In a world plagued with a now-quickly-mutating virus pandemic running rampant in several countries sparking continued flight restrictions, airline passenger traffic worldwide plunged to two-decade lows in 2020, according to global aviation data firm Cirium.
Cirium found that 21 years of global passenger traffic growth was wiped out in a matter of months last year because of flight restrictions to mitigate the spread of the virus, reducing traffic to levels not seen since 1999. “In comparison to last year, passenger traffic is estimated to be down 67% in 2020,” the firm said.

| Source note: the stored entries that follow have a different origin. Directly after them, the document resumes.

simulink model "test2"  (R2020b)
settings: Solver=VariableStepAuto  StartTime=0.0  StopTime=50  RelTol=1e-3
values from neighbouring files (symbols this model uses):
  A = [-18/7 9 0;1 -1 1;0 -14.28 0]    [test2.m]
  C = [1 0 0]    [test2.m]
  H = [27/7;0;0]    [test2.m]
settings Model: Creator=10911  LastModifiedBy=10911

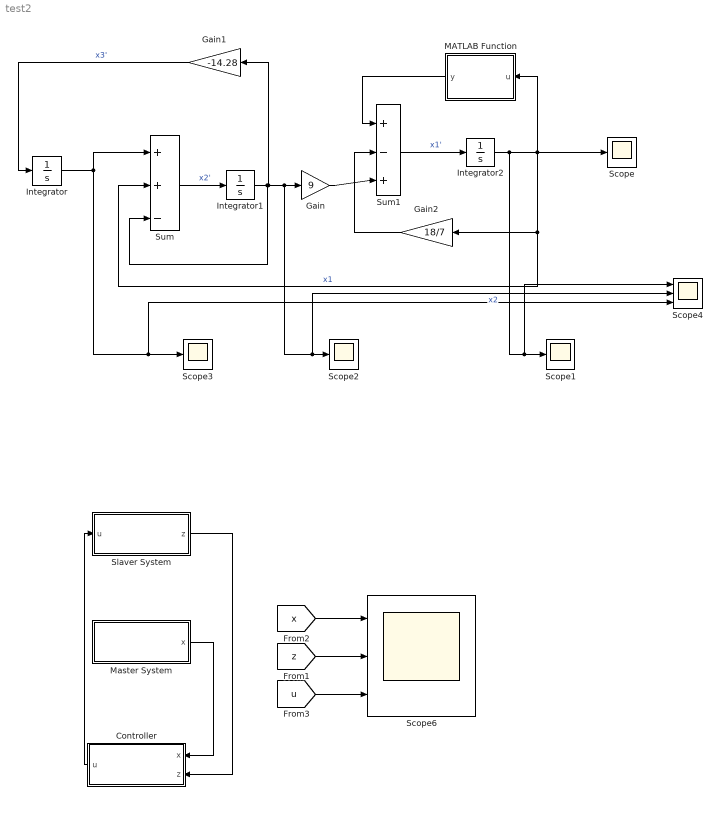
== system test2 ==
  Controller : Subsystem
  Gain : Gain  Gain=9
  Gain1 : Gain  Gain=-14.28
  Gain2 : Gain  Gain=18/7
  Integrator : Integrator  InitialCondition=0.2
  Integrator1 : Integrator  InitialCondition=0.1
  Integrator2 : Integrator  InitialCondition=-0.1
  MATLAB Function : MATLAB Function  TreatAsAtomicUnit=on
  Master System : Subsystem
  Scope{,1..3} (4 alike) : Scope
  Scope4 : Scope  NumInputPorts=3
  Scope6 : Scope  NumInputPorts=3
  Slaver System : Subsystem
  Sum : Sum  Inputs=|++-
  Sum1 : Sum  Inputs=|+-+
  wires:
  Integrator/1 -> Scope4/3, Scope3/1, Sum/1
  MATLAB Function/1(y) -> Sum1/1
  Integrator2/1 -> Scope4/1, Scope1/1, MATLAB Function/1(u), Scope/1, Gain2/1, Sum/2  "x1"
  Gain2/1 -> Sum1/2
  Gain/1 -> Sum1/3
  Sum1/1 -> Integrator2/1  "x1'"
  Gain1/1 -> Integrator/1  "x3'"
  Integrator1/1 -> Sum/3, Scope4/2, Scope2/1, Gain/1, Gain1/1  "x2"
  Sum/1 -> Integrator1/1  "x2'"
  Controller/1(u) -> Slaver System/1(u)
  Master System/1(x) -> Controller/1(x)
  Slaver System/1(z) -> Controller/2(z)
  [x] -> Scope6/1
  [z] -> Scope6/2
  [u] -> Scope6/3

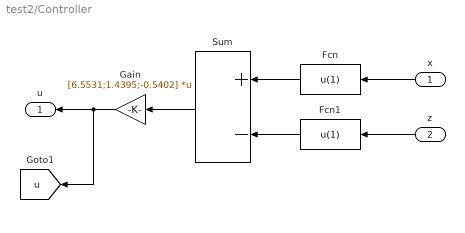
== system test2/Controller ==
  x : Inport
  z : Inport  Port=2
  Fcn : Fcn  Expr=u(1)
  Fcn1 : Fcn  Expr=u(1)
  Gain : Gain  Gain=[6.5531;1.4395;-0.5402]  Multiplication=Matrix(K*u)
  Sum : Sum  Inputs=+-
  u : Outport
  tag scope: u=global
  wires:
  z/1 -> Fcn1/1
  x/1 -> Fcn/1
  Fcn/1 -> Sum/1
  Fcn1/1 -> Sum/2
  Sum/1 -> Gain/1
  Gain/1 -> [u], u/1

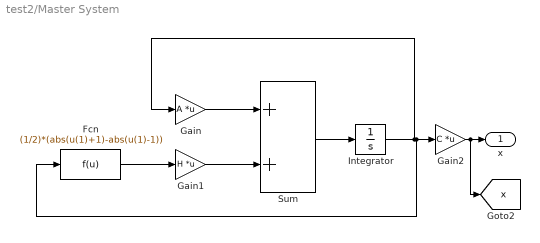
== system test2/Master System ==
  Fcn : Fcn  Expr=(1/2)*(abs(u(1)+1)-abs(u(1)-1))
  Gain : Gain  Gain=A  Multiplication=Matrix(K*u)
  Gain1 : Gain  Gain=H  Multiplication=Matrix(K*u)
  Gain2 : Gain  Gain=C  Multiplication=Matrix(K*u)
  Integrator : Integrator  InitialCondition=[-0.2;0.3;0.7]
  Sum : Sum
  x : Outport
  tag scope: x=global
  wires:
  Gain/1 -> Sum/1
  Gain1/1 -> Sum/2
  Sum/1 -> Integrator/1
  Integrator/1 -> Gain2/1, Fcn/1, Gain/1
  Fcn/1 -> Gain1/1
  Gain2/1 -> [x], x/1

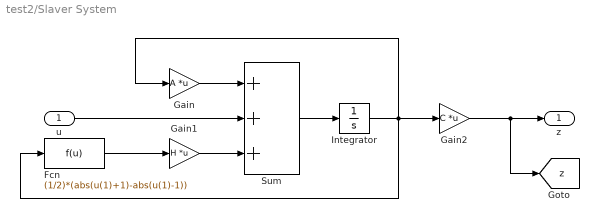
== system test2/Slaver System ==
  u : Inport
  Fcn : Fcn  Expr=(1/2)*(abs(u(1)+1)-abs(u(1)-1))
  Gain : Gain  Gain=A  Multiplication=Matrix(K*u)
  Gain1 : Gain  Gain=H  Multiplication=Matrix(K*u)
  Gain2 : Gain  Gain=C  Multiplication=Matrix(K*u)
  Integrator : Integrator  InitialCondition=[0.2;0.3;0.7]
  Sum : Sum  Inputs=+++
  z : Outport
  tag scope: z=global
  wires:
  Gain/1 -> Sum/1
  Integrator/1 -> Fcn/1, Gain2/1, Gain/1
  Sum/1 -> Integrator/1
  Fcn/1 -> Gain1/1
  Gain1/1 -> Sum/3
  u/1 -> Sum/2
  Gain2/1 -> [z], z/1

== matlab function test2/MATLAB Function ==
  data: u input; y output
function y = fcn(u)

y = 9*3/14*(abs(u+1)-abs(u-1));

April was the height of the air travel collapse. In that month, flights plunged to just 13,600 globally on Apr. 25, compared with 95,000 tracked by Cirium on Jan. 3. This represents a stunning collapse in global flights over the period, down by more than 86%.
Cirium’s data showed airlines operated 16.8 million flights from Jan. 1 to Dec. 20, down from 33.2 million in the same period the prior year. US travel was down 40% over the same period, from 21.5 million flights in 2019, while international flights were 68% below the 11.7 million flights tracked the year before.
Cirium said at least 40 airlines altogether ceased or suspended operations during 2020, with more failures expected for 2021. This has resulted in a tsunami of defaults, bankruptcies, and bailouts.
To view the list of the most prominent airline bankruptcies and bailouts of the past year, courtesy of Bank of America, read our most recent report titled “Mapping The Global Lockdown: Where Air Travel Is Partially Open And Where It’s Fully Closed.”
“This severe setback shows the true extent of the challenge faced by the struggling aviation sector as it has sought to reset itself in the new post-COVID-19 era,” Jeremy Bowen, CEO of Cirium, said.
Bowen said, “airlines have a way before returning to 2019 levels particularly as international travel is significantly down.”